Despite improvements in operative techniques and perioperative care, post-hepatectomy liver failure (PHLF) remains the most serious cause of morbidity and mortality after surgery, and several risk factors have been identified to predict PHLF. Although volumetric assessment using imaging contributes to surgical simulation by estimating the function of future liver remnants in predicting PHLF, liver function is assumed to be homogeneous throughout the liver. The combination of volumetric and functional analyses may be more useful for an accurate evaluation of liver function and prediction of PHLF than only volumetric analysis. Gadoxetic acid is a hepatocyte-specific magnetic resonance (MR) contrast agent that is taken up by hepatocytes via the OATP1 transporter after intravenous administration. Gadoxetic acid-enhanced MR imaging (MRI) offers information regarding both global and regional functions, leading to a more precise evaluation even in cases with heterogeneous liver function.
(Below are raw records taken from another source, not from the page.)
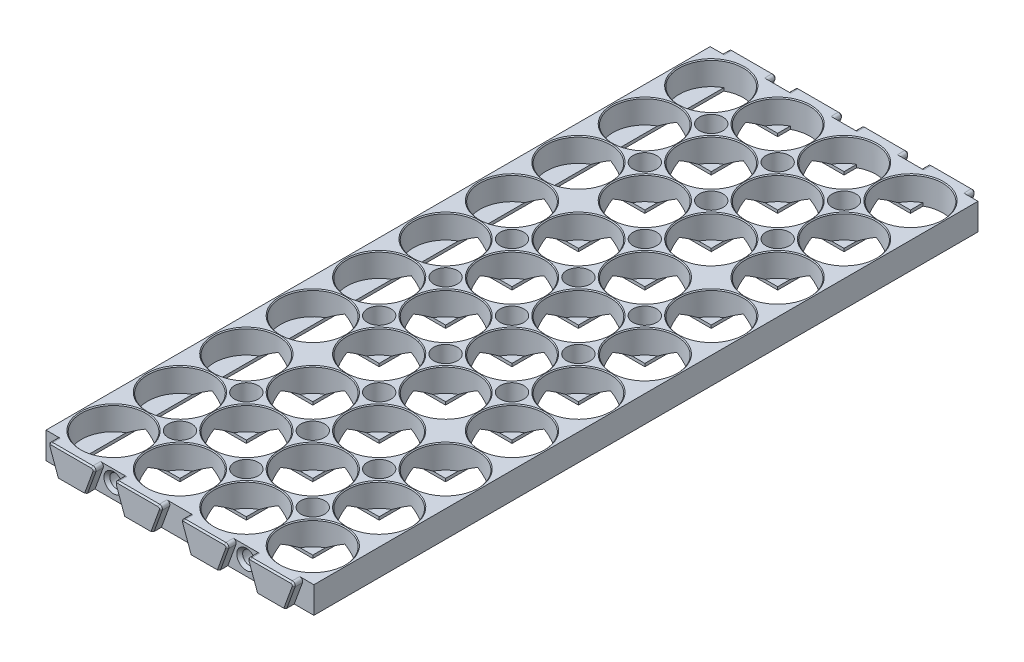
SolidWorks part; units mm, degrees
ref_plane "Front Plane" through (0, 0, 0) normal (0, 0, 1) x (1, 0, 0)
ref_plane "Top Plane" through (0, 0, 0) normal (0, 1, 0) x (1, 0, 0)
ref_plane "Right Plane" through (0, 0, 0) normal (1, 0, 0) x (0, 0, -1)
sketch "Sketch1" plane through (0, 0, 0) normal (0, 1, 0) x (1, 0, 0)
  line L0 (-11.25, 10.875) -> (11.25, 10.875) construction
  line L1 (-11.25, -11.25) -> (11.25, -11.25)
  line L2 (-11.25, -11.25) -> (-11.25, 11.25)
  line L3 (-11.25, 11.25) -> (11.25, 11.25)
  line L4 (11.25, -11.25) -> (11.25, 11.25)
  line L5 (-11.25, -11.25) -> (11.25, 11.25) construction
  line L6 (-11.25, 11.25) -> (11.25, -11.25) construction
  circle A0 centre (0, 0) radius 10.875
  point P0 (0, 0)
  dimension "D1" = 21.75
  dimension "D2" = 22.5
  dimension "D3" = 0.375
extrude "Boss-Extrude1" add sketch "Sketch1" along normal blind 8
sketch "Sketch2" plane through (0, 0, 0) normal (0, -1, 0) x (1, 0, 0)
  line L0 (5.25, 11.25) -> (-5.25, 11.25) construction
  line L1 (11.25, 11.25) -> (5.25, 11.25)
  line L2 (11.25, 11.25) -> (11.25, 5.25)
  line L3 (11.25, 5.25) -> (5.25, 5.25)
  line L4 (5.25, 11.25) -> (5.25, 5.25)
  line L5 (11.25, -11.25) -> (5.25, -11.25)
  line L6 (11.25, -11.25) -> (11.25, -5.25)
  line L7 (11.25, -5.25) -> (5.25, -5.25)
  line L8 (5.25, -11.25) -> (5.25, -5.25)
  line L9 (-11.25, -11.25) -> (-5.25, -11.25)
  line L10 (-11.25, -11.25) -> (-11.25, -5.25)
  line L11 (-11.25, -5.25) -> (-5.25, -5.25)
  line L12 (-5.25, -11.25) -> (-5.25, -5.25)
  line L13 (-11.25, 11.25) -> (-5.25, 11.25)
  line L14 (-11.25, 11.25) -> (-11.25, 5.25)
  line L15 (-11.25, 5.25) -> (-5.25, 5.25)
  line L16 (-5.25, 11.25) -> (-5.25, 5.25)
  line L17 (11.25, 5.25) -> (11.25, -5.25) construction
  line L18 (5.25, -11.25) -> (-5.25, -11.25) construction
  line L19 (-11.25, 5.25) -> (-11.25, -5.25) construction
  dimension "D1" = 10.5
extrude "Boss-Extrude2" add sketch "Sketch2" along normal blind 1
chamfer "Chamfer2" distance 0.3 angle 45 1 edges at (0, 8, 10.875)
pattern_linear "LPattern1" count 10 spacing 22.5 along (0, 0, 1) count 4 spacing 22.5 along (1, 0, 0) of "Boss-Extrude2", "Boss-Extrude1", "Chamfer2"
sketch "Sketch5" plane through (0, 0, -5.25) normal (0, 0, 1) x (1, 0, 0)
  line L0 (72.75, -1) -> (72.75, 0) construction
  line L20 (78.75, -1) -> (72.75, -1) construction
  line L25 (-5.25, -1) -> (-5.25, 0) construction
  line L26 (-5.25, -1) -> (-11.25, -1) construction
  line L27 (-11.25, -1) -> (-11.25, 0) construction
  line L29 (-5.25, 0) -> (-9.5238, 0) construction
  line L35 (-5.25, -1) -> (-5.25, 0)
  line L36 (-5.25, -1) -> (-11.25, -1)
  line L37 (-11.25, -1) -> (-11.25, 0)
  line L39 (-5.25, 0) -> (-11.25, 0)
  line L46 (78.75, -1) -> (78.75, 0) construction
  line L47 (78.75, 0) -> (77.0238, 0) construction
  line L48 (77.0238, 0) -> (72.75, 0) construction
  line L49 (72.75, -1) -> (72.75, 0)
  line L50 (78.75, -1) -> (72.75, -1)
  line L51 (78.75, -1) -> (78.75, 0)
  line L52 (78.75, 0) -> (77.0238, 0)
  line L53 (77.0238, 0) -> (72.75, 0)
  dimension "D1" = 6
extrude "Boss-Extrude3" add sketch "Sketch5" along normal up to surface (219 mm away)
sketch "Sketch6" plane through (0, 0, 0) normal (0, -1, 0) x (1, 0, 0)
  line L24 (62.25, -11.25) -> (72.75, -11.25) construction
  line L25 (72.75, -11.25) -> (72.75, -9.5238) construction
  line L26 (62.25, -9.5238) -> (62.25, -11.25) construction
  line L27 (39.75, -11.25) -> (50.25, -11.25) construction
  line L28 (50.25, -11.25) -> (50.25, -9.5238) construction
  line L29 (39.75, -9.5238) -> (39.75, -11.25) construction
  line L30 (17.25, -9.5238) -> (17.25, -11.25) construction
  line L31 (17.25, -11.25) -> (27.75, -11.25) construction
  line L32 (27.75, -11.25) -> (27.75, -9.5238) construction
  line L33 (-5.25, -9.5238) -> (-5.25, -11.25) construction
  line L34 (-5.25, -11.25) -> (5.25, -11.25) construction
  line L35 (5.25, -11.25) -> (5.25, -9.5238) construction
  line L48 (62.25, -11.25) -> (72.75, -11.25)
  line L49 (72.75, -11.25) -> (72.75, -9.5238)
  line L50 (62.25, -9.5238) -> (62.25, -11.25)
  line L51 (39.75, -11.25) -> (50.25, -11.25)
  line L52 (50.25, -11.25) -> (50.25, -9.5238)
  line L53 (39.75, -9.5238) -> (39.75, -11.25)
  line L54 (17.25, -9.5238) -> (17.25, -11.25)
  line L55 (17.25, -11.25) -> (27.75, -11.25)
  line L56 (27.75, -11.25) -> (27.75, -9.5238)
  line L57 (-5.25, -9.5238) -> (-5.25, -11.25)
  line L58 (-5.25, -11.25) -> (5.25, -11.25)
  line L59 (5.25, -11.25) -> (5.25, -9.5238)
  line L108 (72.75, 212.0238) -> (72.75, 213.75) construction
  line L109 (72.75, 213.75) -> (62.25, 213.75) construction
  line L110 (62.25, 213.75) -> (62.25, 212.0238) construction
  line L111 (50.25, 212.0238) -> (50.25, 213.75) construction
  line L112 (50.25, 213.75) -> (39.75, 213.75) construction
  line L113 (39.75, 213.75) -> (39.75, 212.0238) construction
  line L114 (27.75, 212.0238) -> (27.75, 213.75) construction
  line L115 (27.75, 213.75) -> (17.25, 213.75) construction
  line L116 (17.25, 213.75) -> (17.25, 212.0238) construction
  line L117 (5.25, 213.75) -> (-5.25, 213.75) construction
  line L118 (-5.25, 213.75) -> (-5.25, 212.0238) construction
  line L119 (5.25, 212.0238) -> (5.25, 213.75) construction
  line L120 (72.75, 212.0238) -> (72.75, 213.75)
  line L121 (72.75, 213.75) -> (62.25, 213.75)
  line L122 (62.25, 213.75) -> (62.25, 212.0238)
  line L123 (50.25, 212.0238) -> (50.25, 213.75)
  line L124 (50.25, 213.75) -> (39.75, 213.75)
  line L125 (39.75, 213.75) -> (39.75, 212.0238)
  line L126 (27.75, 212.0238) -> (27.75, 213.75)
  line L127 (27.75, 213.75) -> (17.25, 213.75)
  line L128 (17.25, 213.75) -> (17.25, 212.0238)
  line L129 (5.25, 213.75) -> (-5.25, 213.75)
  line L130 (-5.25, 213.75) -> (-5.25, 212.0238)
  line L131 (5.25, 212.0238) -> (5.25, 213.75)
  arc A8 (62.25, -9.5238) -> (72.75, -9.5238) centre (67.5, 0) ccw construction
  arc A9 (39.75, -9.5238) -> (50.25, -9.5238) centre (45, 0) ccw construction
  arc A10 (17.25, -9.5238) -> (27.75, -9.5238) centre (22.5, 0) ccw construction
  arc A11 (-5.25, -9.5238) -> (5.25, -9.5238) centre (0, 0) ccw construction
  arc A16 (62.25, -9.5238) -> (72.75, -9.5238) centre (67.5, 0) ccw
  arc A17 (39.75, -9.5238) -> (50.25, -9.5238) centre (45, 0) ccw
  arc A18 (17.25, -9.5238) -> (27.75, -9.5238) centre (22.5, 0) ccw
  arc A19 (-5.25, -9.5238) -> (5.25, -9.5238) centre (0, 0) ccw
  arc A36 (72.75, 212.0238) -> (62.25, 212.0238) centre (67.5, 202.5) ccw construction
  arc A37 (50.25, 212.0238) -> (39.75, 212.0238) centre (45, 202.5) ccw construction
  arc A38 (27.75, 212.0238) -> (17.25, 212.0238) centre (22.5, 202.5) ccw construction
  arc A39 (5.25, 212.0238) -> (-5.25, 212.0238) centre (0, 202.5) ccw construction
  arc A40 (72.75, 212.0238) -> (62.25, 212.0238) centre (67.5, 202.5) ccw
  arc A41 (50.25, 212.0238) -> (39.75, 212.0238) centre (45, 202.5) ccw
  arc A42 (27.75, 212.0238) -> (17.25, 212.0238) centre (22.5, 202.5) ccw
  arc A43 (5.25, 212.0238) -> (-5.25, 212.0238) centre (0, 202.5) ccw
extrude "Boss-Extrude4" add sketch "Sketch6" along normal up to surface (1 mm away) up to face at (-8.25, -1, 101.25)
sketch "Sketch7" plane through (0, 0, 0) normal (0, 0, 1) x (1, 0, 0)
  line L1 (-5.25, 0) -> (5.25, 0)
  line L2 (-5.25, 0) -> (0, 5.25) construction
  line L3 (0, 5.25) -> (5.25, 0) construction
  line L4 (0, 0) -> (0, 8) construction
  line L5 (-11.25, 8) -> (78.75, 8) construction
  line L6 (-5.25, 0) -> (0, 3.0311)
  line L7 (0, 3.0311) -> (5.25, 0)
  line L9 (-5.25, -1) -> (-5.25, 0) construction
  line L10 (5.25, -1) -> (5.25, 0) construction
  line L11 (-5.25, -1) -> (-5.25, 0) construction
  line L12 (5.25, -1) -> (5.25, 0) construction
  line L13 (17.25, 0) -> (22.5, 3.0311)
  line L14 (22.5, 3.0311) -> (27.75, 0)
  line L15 (17.25, 0) -> (27.75, 0)
  line L16 (39.75, 0) -> (45, 3.0311)
  line L17 (45, 3.0311) -> (50.25, 0)
  line L18 (39.75, 0) -> (50.25, 0)
  line L19 (62.25, 0) -> (67.5, 3.0311)
  line L20 (67.5, 3.0311) -> (72.75, 0)
  line L21 (62.25, 0) -> (72.75, 0)
  line L22 (-5.25, 0) -> (17.25, 0) construction
  dimension "D1" = 45
  dimension "D2" = 30
  dimension "D3" = 4.9689
  dimension "D5" = 22.5
  dimension "D4" = 4
extrude "Cut-Extrude1" cut sketch "Sketch7" along normal up to surface (207.75 mm away) up to face at (11.25, -0.3333, 207.75)
sketch "Sketch16" plane through (0, 0, 0) normal (1, 0, 0) x (0, 0, -1)
  line L2 (-5.25, -1) -> (-5.25, 0) construction
  line L3 (5.25, -1) -> (5.25, 0) construction
  line L4 (-5.25, 0) -> (0, 3.0311)
  line L5 (0, 3.0311) -> (5.25, 0)
  line L6 (-5.25, 0) -> (5.25, 0)
  line L7 (-5.25, -1) -> (-5.25, 0) construction
  line L8 (5.25, -1) -> (5.25, 0) construction
  line L9 (-22.5, 3.0311) -> (-17.25, 0)
  line L10 (-27.75, 0) -> (-17.25, 0)
  line L11 (-27.75, 0) -> (-22.5, 3.0311)
  line L12 (-45, 3.0311) -> (-39.75, 0)
  line L13 (-50.25, 0) -> (-39.75, 0)
  line L14 (-50.25, 0) -> (-45, 3.0311)
  line L15 (-67.5, 3.0311) -> (-62.25, 0)
  line L16 (-72.75, 0) -> (-62.25, 0)
  line L17 (-72.75, 0) -> (-67.5, 3.0311)
  line L18 (-90, 3.0311) -> (-84.75, 0)
  line L19 (-95.25, 0) -> (-84.75, 0)
  line L20 (-95.25, 0) -> (-90, 3.0311)
  line L21 (-112.5, 3.0311) -> (-107.25, 0)
  line L22 (-117.75, 0) -> (-107.25, 0)
  line L23 (-117.75, 0) -> (-112.5, 3.0311)
  line L24 (-135, 3.0311) -> (-129.75, 0)
  line L25 (-140.25, 0) -> (-129.75, 0)
  line L26 (-140.25, 0) -> (-135, 3.0311)
  line L27 (-157.5, 3.0311) -> (-152.25, 0)
  line L28 (-162.75, 0) -> (-152.25, 0)
  line L29 (-162.75, 0) -> (-157.5, 3.0311)
  line L30 (-180, 3.0311) -> (-174.75, 0)
  line L31 (-185.25, 0) -> (-174.75, 0)
  line L32 (-185.25, 0) -> (-180, 3.0311)
  line L33 (-202.5, 3.0311) -> (-197.25, 0)
  line L34 (-207.75, 0) -> (-197.25, 0)
  line L35 (-207.75, 0) -> (-202.5, 3.0311)
  line L36 (-225, 3.0311) -> (-219.75, 0)
  line L37 (-230.25, 0) -> (-219.75, 0)
  line L38 (-230.25, 0) -> (-225, 3.0311)
  line L39 (-247.5, 3.0311) -> (-242.25, 0)
  line L40 (-252.75, 0) -> (-242.25, 0)
  line L41 (-252.75, 0) -> (-247.5, 3.0311)
  line L42 (0, 3.0311) -> (-22.5, 3.0311) construction
  dimension "D1" = 30
  dimension "D3" = 22.5
  dimension "D2" = 12
extrude "Cut-Extrude7" cut sketch "Sketch16" along normal up to surface (62.25 mm away) up to face at (62.25, -0.3333, 11.25)
sketch "Sketch8" plane through (0, 0, -11.25) normal (0, 0, -1) x (-1, 0, 0)
  line L0 (0, -1) -> (0, 8) construction
  line L1 (-27.4743, -1) -> (-30.75, 8)
  line L2 (-78.75, 8) -> (11.25, 8) construction
  line L3 (4.9743, -1) -> (-4.9743, -1)
  line L4 (-4.9743, -1) -> (-8.25, 8)
  line L5 (-8.25, 8) -> (8.25, 8)
  line L6 (4.9743, -1) -> (8.25, 8)
  line L7 (11.25, 8) -> (11.25, -1) construction
  line L8 (11.25, -1) -> (-78.75, -1) construction
  line L9 (-30.75, 8) -> (-14.25, 8)
  line L10 (-78.75, 8) -> (11.25, 8) construction
  line L11 (-17.5257, -1) -> (-14.25, 8)
  line L12 (-17.5257, -1) -> (-27.4743, -1)
  line L13 (-49.9743, -1) -> (-53.25, 8)
  line L14 (-53.25, 8) -> (-36.75, 8)
  line L15 (-40.0257, -1) -> (-36.75, 8)
  line L16 (-40.0257, -1) -> (-49.9743, -1)
  line L17 (-72.4743, -1) -> (-75.75, 8)
  line L18 (-75.75, 8) -> (-59.25, 8)
  line L19 (-62.5257, -1) -> (-59.25, 8)
  line L20 (-62.5257, -1) -> (-72.4743, -1)
  line L21 (-4.9743, -1) -> (-27.4743, -1) construction
  line L22 (-78.75, 8) -> (11.25, 8) construction
  dimension "D1" = 70
  dimension "D2" = 3
  dimension "D4" = 22.5
  dimension "D5" = 9
  dimension "D3" = 4
sketch "Sketch9" plane through (0, 0, 213.75) normal (0, 0, 1) x (1, 0, 0)
  line L24 (-4.9743, -1) -> (4.9743, -1)
  line L25 (4.9743, -1) -> (8.25, 8)
  line L26 (8.25, 8) -> (-8.25, 8)
  line L27 (-8.25, 8) -> (-4.9743, -1)
  line L28 (-4.9743, -1) -> (4.9743, -1)
  line L29 (4.9743, -1) -> (8.25, 8)
  line L30 (8.25, 8) -> (-8.25, 8)
  line L31 (-8.25, 8) -> (-4.9743, -1)
  line L32 (72.4743, -1) -> (75.75, 8)
  line L33 (75.75, 8) -> (59.25, 8)
  line L34 (59.25, 8) -> (62.5257, -1)
  line L35 (62.5257, -1) -> (72.4743, -1)
  line L36 (72.4743, -1) -> (75.75, 8)
  line L37 (75.75, 8) -> (59.25, 8)
  line L38 (59.25, 8) -> (62.5257, -1)
  line L39 (62.5257, -1) -> (72.4743, -1)
  line L40 (49.9743, -1) -> (53.25, 8)
  line L41 (53.25, 8) -> (36.75, 8)
  line L42 (36.75, 8) -> (40.0257, -1)
  line L43 (40.0257, -1) -> (49.9743, -1)
  line L44 (49.9743, -1) -> (53.25, 8)
  line L45 (53.25, 8) -> (36.75, 8)
  line L46 (36.75, 8) -> (40.0257, -1)
  line L47 (40.0257, -1) -> (49.9743, -1)
  line L48 (14.25, 8) -> (17.5257, -1)
  line L49 (17.5257, -1) -> (27.4743, -1)
  line L50 (27.4743, -1) -> (30.75, 8)
  line L51 (30.75, 8) -> (14.25, 8)
  line L52 (14.25, 8) -> (17.5257, -1)
  line L53 (17.5257, -1) -> (27.4743, -1)
  line L54 (27.4743, -1) -> (30.75, 8)
  line L55 (30.75, 8) -> (14.25, 8)
  dimension "D1" = 0
  dimension "D2" = 0
  dimension "D3" = 0
  dimension "D4" = 0
extrude "Boss-Extrude5" add sketch "Sketch8" along normal blind 3
extrude "Boss-Extrude6" add sketch "Sketch9" along normal blind 3
fillet "Fillet1" radius 1 16 edges at (-8.25, 8, 215.25) (8.25, 8, 215.25) (14.25, 8, 215.25) (30.75, 8, 215.25) (36.75, 8, 215.25) (53.25, 8, 215.25) (59.25, 8, 215.25) (75.75, 8, 215.25) (75.75, 8, -12.75) (59.25, 8, -12.75) (53.25, 8, -12.75) (36.75, 8, -12.75) (30.75, 8, -12.75) (14.25, 8, -12.75) (8.25, 8, -12.75) (-8.25, 8, -12.75)
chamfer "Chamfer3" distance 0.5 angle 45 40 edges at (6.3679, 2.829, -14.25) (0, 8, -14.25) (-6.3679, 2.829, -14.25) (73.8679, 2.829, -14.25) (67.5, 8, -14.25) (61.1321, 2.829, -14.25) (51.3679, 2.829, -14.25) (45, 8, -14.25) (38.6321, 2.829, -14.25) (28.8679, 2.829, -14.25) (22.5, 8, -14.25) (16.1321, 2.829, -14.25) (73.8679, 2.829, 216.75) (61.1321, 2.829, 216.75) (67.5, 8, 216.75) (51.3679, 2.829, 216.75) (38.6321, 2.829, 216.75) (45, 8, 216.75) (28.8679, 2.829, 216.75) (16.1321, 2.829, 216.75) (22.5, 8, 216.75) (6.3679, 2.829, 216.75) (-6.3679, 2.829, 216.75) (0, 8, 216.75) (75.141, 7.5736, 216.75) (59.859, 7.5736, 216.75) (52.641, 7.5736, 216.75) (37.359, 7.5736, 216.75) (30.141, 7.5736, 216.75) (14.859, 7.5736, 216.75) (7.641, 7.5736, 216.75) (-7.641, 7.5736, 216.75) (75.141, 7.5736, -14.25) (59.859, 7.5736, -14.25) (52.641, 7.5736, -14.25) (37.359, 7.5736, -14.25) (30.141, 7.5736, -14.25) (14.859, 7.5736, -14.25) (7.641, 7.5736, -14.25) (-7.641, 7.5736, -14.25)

Various indices, including signal intensity-based methods and MR relaxometry, have been proposed for the estimation of liver function and prediction of PHLF using gadoxetic acid-enhanced MRI. Recent developments in MR techniques, including high-resolution hepatobiliary phase images using deep learning image reconstruction and whole-liver T1 map acquisition, have enabled a more detailed and accurate estimation of liver function in gadoxetic acid-enhanced MRI.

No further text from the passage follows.